40% Conversion Premium

The Higher conversion premium is compensated for investors with 3.053% of the coupon rate.
This option would benefit the management the most they believed that MoGen stock is selling in
depressed price which the investors are benefited. For company a higher conversion premium is
better as it will be much less likely for the stock to reach it making it
a better offering for MoGen. However the negative side is that such high conversion premium
would result in demand shrink and liquidity of the issue which is a substantial amount of $ 5
billion.

Recommendation: Conclusion Remarks


Question: As MoGen’s CEO, what do like and not like about this proposal from Merrill Lynch?
In particular, do you like the 25% conversion premium? The coupon rate?

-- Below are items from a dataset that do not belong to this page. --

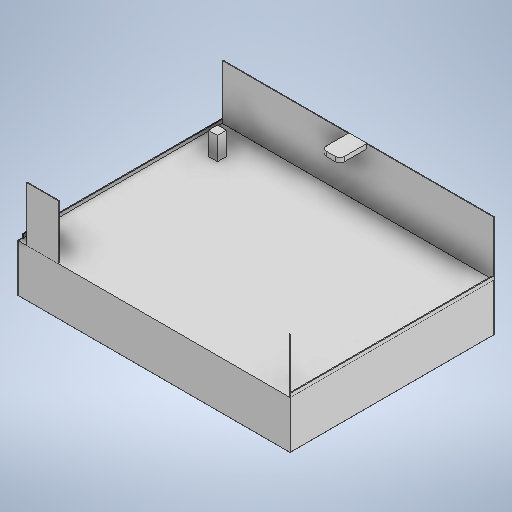
# Autodesk Inventor part: game base
Saved by Autodesk Inventor 2025.4 (Build 294407000, 407)
## iProperties
Created: 2026-03-10
Part Number: game base
Material: Generic
Document SubType Name: Modeling
Designer: youse
Density: 1 g/cm^3
Appearance: Default
Author: youse
Autodesk Inventor part; units mm, degrees
ref_plane "YZ Plane" through (0, 0, 0) normal (1, 0, 0) x (0, 1, 0)
ref_plane "XZ Plane" through (0, 0, 0) normal (0, 1, 0) x (-1, 0, 0)
ref_plane "XY Plane" through (0, 0, 0) normal (0, 0, 1) x (1, 0, 0)
sketch "Sketch1" plane through (0, 0, 0) normal (0, 1, 0) x (-1, 0, 0)
  line L0 (-300, 225) -> (300, 225)
  line L1 (300, 225) -> (300, -225)
  line L2 (300, -225) -> (-300, -225)
  line L3 (-300, -225) -> (-300, 225)
  line L4 (-300, 225) -> (300, -225) construction
  line L5 (300, 225) -> (-300, -225) construction
  point P0 (0, 0)
  dimension "d0" = 600
  dimension "d1" = 450
  constraints: 12 end point, 2 midpoint, 2 parallel, 1 horizontal, 1 perpendicular
  measures "d0" distance of L1.end L2.end
  measures "d1" distance of L0.end L1.end
extrude "Extrusion1" add sketch "Sketch1" along normal blind 5
sketch "Sketch6" plane through (0, 5, 0) normal (0, 1, 0) x (1, 0, 0)
  line L0 (300, 225) -> (-300, 225) projected
  line L1 (-300, -225) -> (300, -225)
  line L2 (300, -225) -> (300, 225)
  line L3 (300, 225) -> (-300, 225)
  line L4 (-300, 225) -> (-300, -225)
  line L5 (-300, -225) -> (300, 225) construction
  line L6 (300, -225) -> (-300, 225) construction
  line L7 (-298, -223.5) -> (298, -223.5)
  line L8 (298, -223.5) -> (298, 223.5)
  line L9 (298, 223.5) -> (-298, 223.5)
  line L10 (-298, 223.5) -> (-298, -223.5)
  line L11 (-298, -223.5) -> (298, 223.5) construction
  line L12 (298, -223.5) -> (-298, 223.5) construction
  point P0 (0, 0)
  dimension "d26" = 2
  constraints: 24 end point, 4 midpoint, 4 parallel, 2 horizontal, 2 perpendicular, 1 point on line
  measures "d26" distance between parallel lines of L2 L8
extrude "Extrusion7" add sketch "Sketch6" along normal blind 120
sketch "Sketch7" plane through (0, 0, 0) normal (0, -1, 0) x (1, 0, 0)
  line L0 (300, 225) -> (300, -225) projected
  line L1 (-300, 225) -> (300, 225)
  line L2 (300, 225) -> (300, -225)
  line L3 (300, -225) -> (-300, -225)
  line L4 (-300, -225) -> (-300, 225)
  line L5 (-300, 225) -> (300, -225) construction
  line L6 (300, 225) -> (-300, -225) construction
  point P0 (0, 0)
  constraints: 12 end point, 2 midpoint, 2 parallel, 1 horizontal, 1 perpendicular
extrude "Extrusion8" add sketch "Sketch7" along normal blind 100
shell "Shell1" thickness 1 removed faces 1 at (-100, -100, 75)
mirror "Mirror1" about plane through (0, 0, 0) normal (0, 0, 1)
sketch "Sketch9" plane through (0, 125, 0) normal (0, 1, 0) x (1, 0, 0)
  line L0 (300, 225) -> (-300, 225) projected
  line L1 (-20, 225) -> (20, 225)
  line L2 (20, 225) -> (20, 175)
  line L3 (10, 165) -> (-10, 165)
  line L4 (-20, 175) -> (-20, 225)
  arc A0 (-20, 175) -> (-10, 165) centre (-10, 175) ccw
  arc A1 (10, 165) -> (20, 175) centre (10, 175) ccw
  point P0 (0, 0)
  point P1 (20, 165)
  point P2 (-20, 165)
  point P3 (0, 225)
  dimension "d37" = 40
  dimension "d38" = 60
  dimension "d39" = 10
  constraints: 8 end point, 5 point on line, 4 point on circle, 4 tangent, 2 centre point, 2 midpoint, 2 parallel, 1 equal radius, 1 horizontal, 1 perpendicular
  measures "d37" distance of point (20, 165) point (-20, 165)
  measures "d38" distance between parallel lines of L0 L3
  measures "d39" radius of A0
extrude "Extrusion10" add sketch "Sketch9" against normal blind 10
sketch "Sketch10" plane through (0, 5, 0) normal (0, 1, 0) x (1, 0, 0)
  line L0 (-230, 165) -> (-250, 165)
  line L1 (-250, 165) -> (-250, 145)
  line L2 (-250, 145) -> (-230, 145)
  line L3 (-230, 145) -> (-230, 165)
  line L4 (-300, 225) -> (-300, -225) projected
  line L5 (300, 225) -> (-300, 225) projected
  point P0 (0, 0)
  point P1 (-250, 155)
  point P2 (-240, 165)
  dimension "d42" = 20
  dimension "d43" = 20
  dimension "d44" = 50
  dimension "d45" = 60
  constraints: 8 end point, 2 midpoint, 2 parallel, 1 horizontal, 1 perpendicular
  measures "d42" distance of L2.end L0.start
  measures "d43" distance of L1.end L2.end
  measures "d44" distance from line of L4 point (-250, 155)
  measures "d45" distance from line of L5 point (-240, 165)
extrude "Extrusion11" add sketch "Sketch10" along normal blind 50
sketch "Sketch11" plane through (-298, 5, 223.5) normal (1, 0, 0) x (0, 0, -1)
  line L0 (448.5, 120) -> (448.5, -105) projected
  line L1 (0, 120) -> (448.5, 120)
  line L2 (448.5, 120) -> (448.5, 7.5)
  line L3 (448.5, 7.5) -> (0, 7.5)
  line L4 (0, 7.5) -> (0, 120)
  point P0 (223.5, -5)
  constraints: 8 end point, 2 parallel, 1 horizontal, 1 midpoint, 1 perpendicular
extrude "Extrusion12" cut sketch "Sketch11" against normal through all
sketch "Sketch12" plane through (300, 125, 225) normal (1, 0, 0) x (0, 0, -1)
  line L0 (1.5, 0) -> (1.5, -112.5) projected
  line L1 (448.5, -120) -> (448.5, -112.5) projected
  line L2 (1.5, 0) -> (448.5, 0)
  line L3 (448.5, 0) -> (448.5, -112.5)
  line L4 (448.5, -112.5) -> (1.5, -112.5)
  line L5 (1.5, -112.5) -> (1.5, 0)
  point P0 (225, -125)
  constraints: 8 end point, 2 parallel, 1 horizontal, 1 perpendicular
extrude "Extrusion13" cut sketch "Sketch12" against normal blind 10
sketch "Sketch13" plane through (-300, 125, 225) normal (0, 0, 1) x (1, 0, 0)
  line L0 (2, 0) -> (280, 0) projected
  line L1 (598, -120) -> (2, -120) projected
  line L2 (90, 0) -> (598, 0)
  line L3 (598, 0) -> (598, -120)
  line L4 (598, -120) -> (90, -120)
  line L5 (90, -120) -> (90, 0)
  line L6 (0, -225) -> (0, 0) projected
  point P0 (300, -125)
  point P1 (90, -120)
  dimension "d52" = 90
  constraints: 8 end point, 2 parallel, 1 horizontal, 1 perpendicular, 1 point on line
  measures "d52" distance between parallel lines of L5 L6
extrude "Extrusion14" cut sketch "Sketch13" against normal blind 10
sketch "Sketch14" plane through (298, 5, 225) normal (0, 0, 1) x (1, 0, 0)
  line L0 (-598, -105) -> (-598, 120) projected
  line L1 (-596, 0) -> (-508, 0) projected
  line L2 (-598, 120) -> (-578, 120)
  line L3 (-578, 120) -> (-578, 0)
  line L4 (-578, 0) -> (-598, 0)
  line L5 (-598, 0) -> (-598, 120)
  point P0 (-298, -5)
  dimension "d55" = 20
  constraints: 8 end point, 2 parallel, 1 horizontal, 1 perpendicular, 1 point on line
  measures "d55" distance between parallel lines of L3 L0
extrude "Extrusion15" cut sketch "Sketch14" against normal blind 10
sketch "Sketch15" plane through (300, -100, -225) normal (0, 0, -1) x (-1, 0, 0)
  point P0 (300, 100)
ref_plane "Work Plane1" through (0, 0, 0) normal (0, 0, 1) x (1, 0, 0)
body "Solid1"
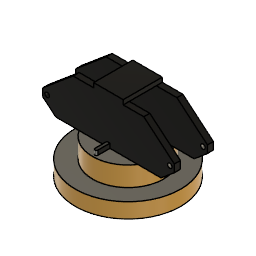
robotic_arm_jaw_mount (Autodesk Fusion 360 design; units mm, degrees)
part number: 2026-05-08-18-07-45-886
Autodesk Fusion 360 part; units mm, degrees
sketch "Sketch1" plane through (0, 0, 0) normal (0, 0, 1) x (1, 0, 0)
  circle A0 centre (0, 0) radius 35
  dimension "d1" = 70
  constraint coincident A0.centre origin
  measures "d1" diameter of A0
extrude "Extrude1" add sketch "Sketch1" along normal blind 10
sketch "Sketch2" plane through (0, 0, 10) normal (0, 0, 1) x (-1, 0, 0)
  circle A0 centre (0, 0) radius 35
  circle A1 centre (0, 0) radius 23.5
  dimension "d4" = 47
  constraint coincident A0.centre A1.centre
  measures "d4" diameter of A1
extrude "Extrude2" add sketch "Sketch2" along normal blind 13 contours A1
ref_plane "WorkPlane1" through (0, 13, 0) normal (0, 1, 0) x (0, 0, 1)
sketch "Sketch3" plane through (0, 13, 0) normal (0, 1, 0) x (1, 0, 0)
sketch "Sketch4" plane through (0, 13, 0) normal (0, 1, 0) x (1, 0, 0)
  line L0 (0, -23) -> (35, -23)
  line L1 (35, -23) -> (45, -23)
  line L2 (35, -23) -> (43.8095, -30.3921)
  line L3 (43.8095, -30.3921) -> (43.8095, -35.3921)
  line L4 (0, -23) -> (0, -56.4386)
  line L5 (23.5, -23) -> (23.5, -67.1153)
  line L6 (43.8095, -35.3921) -> (23.5, -52.4338)
  line L7 (43.8095, -35.3921) -> (43.8095, -48.4067)
  line L8 (23.5, -52.4338) -> (0, -52.4338)
  line L9 (0, -23) -> (-35, -23)
  line L10 (-35, -23) -> (-43.8095, -30.3921)
  line L11 (-43.8095, -30.3921) -> (-43.8095, -35.3921)
  line L12 (-43.8095, -35.3921) -> (-23.5, -52.4338)
  line L13 (-23.5, -52.4338) -> (0, -52.4338)
  point P0 (23.5, -23)
  dimension "d8" = 35
  dimension "d9" = 11.5
  dimension "d10" = 10
  dimension "d11" = 11.5
  dimension "d12" = 40
  dimension "d13" = 5
  dimension "d14" = 50
  constraint horizontal L0
  constraint parallel L0 L1
  constraint perpendicular L1 L3
  constraint perpendicular L0 L4
  constraint coincident P0 L5.start
  constraint perpendicular L0 L5
  constraint coincident L5 L6.end
  constraint parallel L3 L7
  constraint coincident L4 L8.end
  constraint perpendicular L4 L8
  constraint symmetric L0.start L4 L9.start
  constraint symmetric L0.end L4 L9.end
  constraint symmetric L2.end L4 L10.end
  constraint symmetric L3.end L4 L11.end
  constraint symmetric L4 L6.end L12.end
  constraint symmetric L4 L8.end L13.end
  measures "d8" distance of L0.start L0.end
  measures "d9" distance of L0.end P0
  measures "d10" distance of L0.end L1.end
  measures "d11" distance of L0.end L2.end
  measures "d12" angle of L1 L2
  measures "d13" distance of L2.end L3.end
  measures "d14" angle of L6 L7
extrude "Extrude3" add sketch "Sketch4" against normal blind 4
sketch "Sketch5" plane through (0, 13, 0) normal (0, 1, 0) x (-1, 0, 0)
  line L0 (-35, 23) -> (-19.5768, 23)
  line L1 (-19.5768, 23) -> (19.5768, 23)
  line L2 (19.5768, 23) -> (35, 23)
  line L3 (35, 23) -> (43.8095, 30.3921)
  line L4 (43.8095, 30.3921) -> (43.8095, 35.3921)
  line L5 (43.8095, 35.3921) -> (23.5, 52.4338)
  line L6 (23.5, 52.4338) -> (-23.5, 52.4338)
  line L7 (-23.5, 52.4338) -> (-43.8095, 35.3921)
  line L8 (-43.8095, 35.3921) -> (-43.8095, 30.3921)
  line L9 (-43.8095, 30.3921) -> (-35, 23)
  line L10 (43.8095, 32.8921) -> (40.8095, 32.8921)
  circle A0 centre (40.8095, 32.8921) radius 1.5
  dimension "d17" = 3
  dimension "d18" = 3
  constraint midpoint L4 L10.start
  constraint perpendicular L4 L10
  constraint coincident L10.end A0.centre
  measures "d17" distance of L10.start L10.end
  measures "d18" diameter of A0
extrude "Extrude4" cut sketch "Sketch5" against normal blind 6 contours A0
mirror "Mirror1" about plane through (0, 0, 0) normal (1, 0, 0) of "Extrude4"
mirror "Mirror2" about plane through (0, 0, 0) normal (0, 1, 0) of "Extrude3", "Extrude4", "Mirror1"
sketch "Sketch6" plane through (0, 0, 23) normal (0, 0, 1) x (-1, 0, 0)
  line L0 (19.5768, -13) -> (-19.5768, -13)
  arc A0 (-19.5768, -13) -> (19.5768, -13) centre (0, 0) ccw
  line L1 (0, -13) -> (0, -23.5)
  line L2 (0, -13) -> (1, -13)
  line L3 (1, -13) -> (1, -22)
  line L4 (1, -22) -> (0, -22)
  line L5 (-1, -22) -> (0, -22)
  line L6 (-1, -13) -> (-1, -22)
  dimension "d25" = 1
  dimension "d26" = 9
  constraint midpoint L0 L1.start
  constraint midpoint A0 L1.end
  constraint perpendicular L1 L2
  constraint perpendicular L0 L3
  constraint coincident L1 L4.end
  constraint perpendicular L1 L4
  constraint symmetric L1 L2.end L6.start
  constraint symmetric L1 L3.end L5.start
  constraint symmetric L1 L4.end L5.end
  measures "d25" distance of L1.start L2.end
  measures "d26" distance of L2.end L3.end
extrude "Extrude5" add sketch "Sketch6" along normal blind 3 contours L0 L1 L2 L3 L4 | L0 L1 L5 L6
sketch "Sketch7" plane through (0, 0, 23) normal (0, 0, 1) x (-1, 0, 0)
  line L0 (1, -13) -> (1, -22)
  line L1 (1, -22) -> (-1, -22)
  line L2 (-1, -22) -> (-1, -13)
  line L3 (-1, -13) -> (-19.5768, -13)
  arc A0 (-19.5768, -13) -> (19.5768, -13) centre (0, 0) ccw
  line L4 (19.5768, -13) -> (1, -13)
fillet "Fillet1" radius 1 2 edges at (-1, 22, 24.5) (1, 22, 24.5)
mirror "Mirror3" about plane through (0, 0, 0) normal (0, 1, 0) of "Extrude5", "Fillet1"
sketch "Sketch8" plane through (0, 0, 52.4338) normal (0, 0, 1) x (-1, 0, 0)
  line L0 (-23.5, -13) -> (23.5, -13)
  line L1 (23.5, -13) -> (23.5, -9)
  line L2 (23.5, -9) -> (-23.5, -9)
  line L3 (-23.5, -9) -> (-23.5, -13)
  line L4 (9.827, -13) -> (-9.827, -13)
  line L5 (-9.827, -13) -> (-9.827, 13)
  line L6 (-9.827, 13) -> (9.827, 13)
  line L7 (9.827, 13) -> (9.827, -13)
  line L8 (9.827, -13) -> (-9.827, 13) construction
  line L9 (-9.827, -13) -> (9.827, 13) construction
  constraint horizontal L4
  constraint perpendicular L4 L5
  constraint parallel L4 L6
  constraint parallel L5 L7
  constraint coincident L8 origin
  constraint coincident L9 origin
  constraint coincident L0 L4.start
extrude "Extrude6" add sketch "Sketch8" along normal blind 3 contours L0 L2 L4 L5 L7 | L2 L5 L6 L7
sketch "Sketch9" plane through (0, 0, 0) normal (0, 0, -1) x (1, 0, 0)
  circle A0 centre (0, 0) radius 35
  circle A1 centre (0, 0) radius 10
  dimension "d35" = 20
  constraint coincident A0.centre A1.centre
  measures "d35" diameter of A1
extrude "Extrude7" cut sketch "Sketch9" against normal blind 10 contours A1

Yes according to our analysis the 25% conversion premium is the best and Maanvi can easily
convince the management over its reservations because:

1) Valuing the sentiments of the fundamental investors. Out of the two investor groups the
companies prefer to attract fundamental investors over the hedge funds because they look
into account the long term view of their investment. Hence if the conversion premium is set
too high then the issue of securities won’t be favorable for the fundamental investors with
higher speculations and lesser upside equity potential. Thus the higher conversion premium
for an issue as huge as 5 Billion, there is a substantial risk of volatility associated with the
premium of 40%. Adding to that, the company would have to offer a very high coupon rate
to the investors to offset the premium.
2) Treasury Stock Method for the structure of the convertible issue. With the lower
conversion premium management has the reservations to the dilution of EPS as the bond
will be converted quickly with little appreciation in prices. However the Treasury Stock
structure is already protecting the management by reporting only shares representing excess
of the bonds conversion value over the principal amount. Had management preferred the
option of if-converted method, then the shares would have been diluted with the full amount
of bond. But the management is already avoiding this option due to its share repurchase
policy. Hence the investor in the Treasury-Stock method would be more benefited from
lower conversion premium.
3) Stock price expectations.
The compound annualized growth rate in the stock prices for the period since 2001 till 2005
has been XXX%. The company previously issued convertible bonds in 2003 when stock
price was $61 and conversion price of $90. Five years down this has not been converted as
the stock market has not reached that price. This makes investors to be skeptic about the
stock appreciation and their aspects of equity upside potential. The coupon payment of 25%
is lesser than this option too.

Hence the option of 25% premium is optimum considering the size of the offering,
investor’s profile, their previous experiences and their expectations.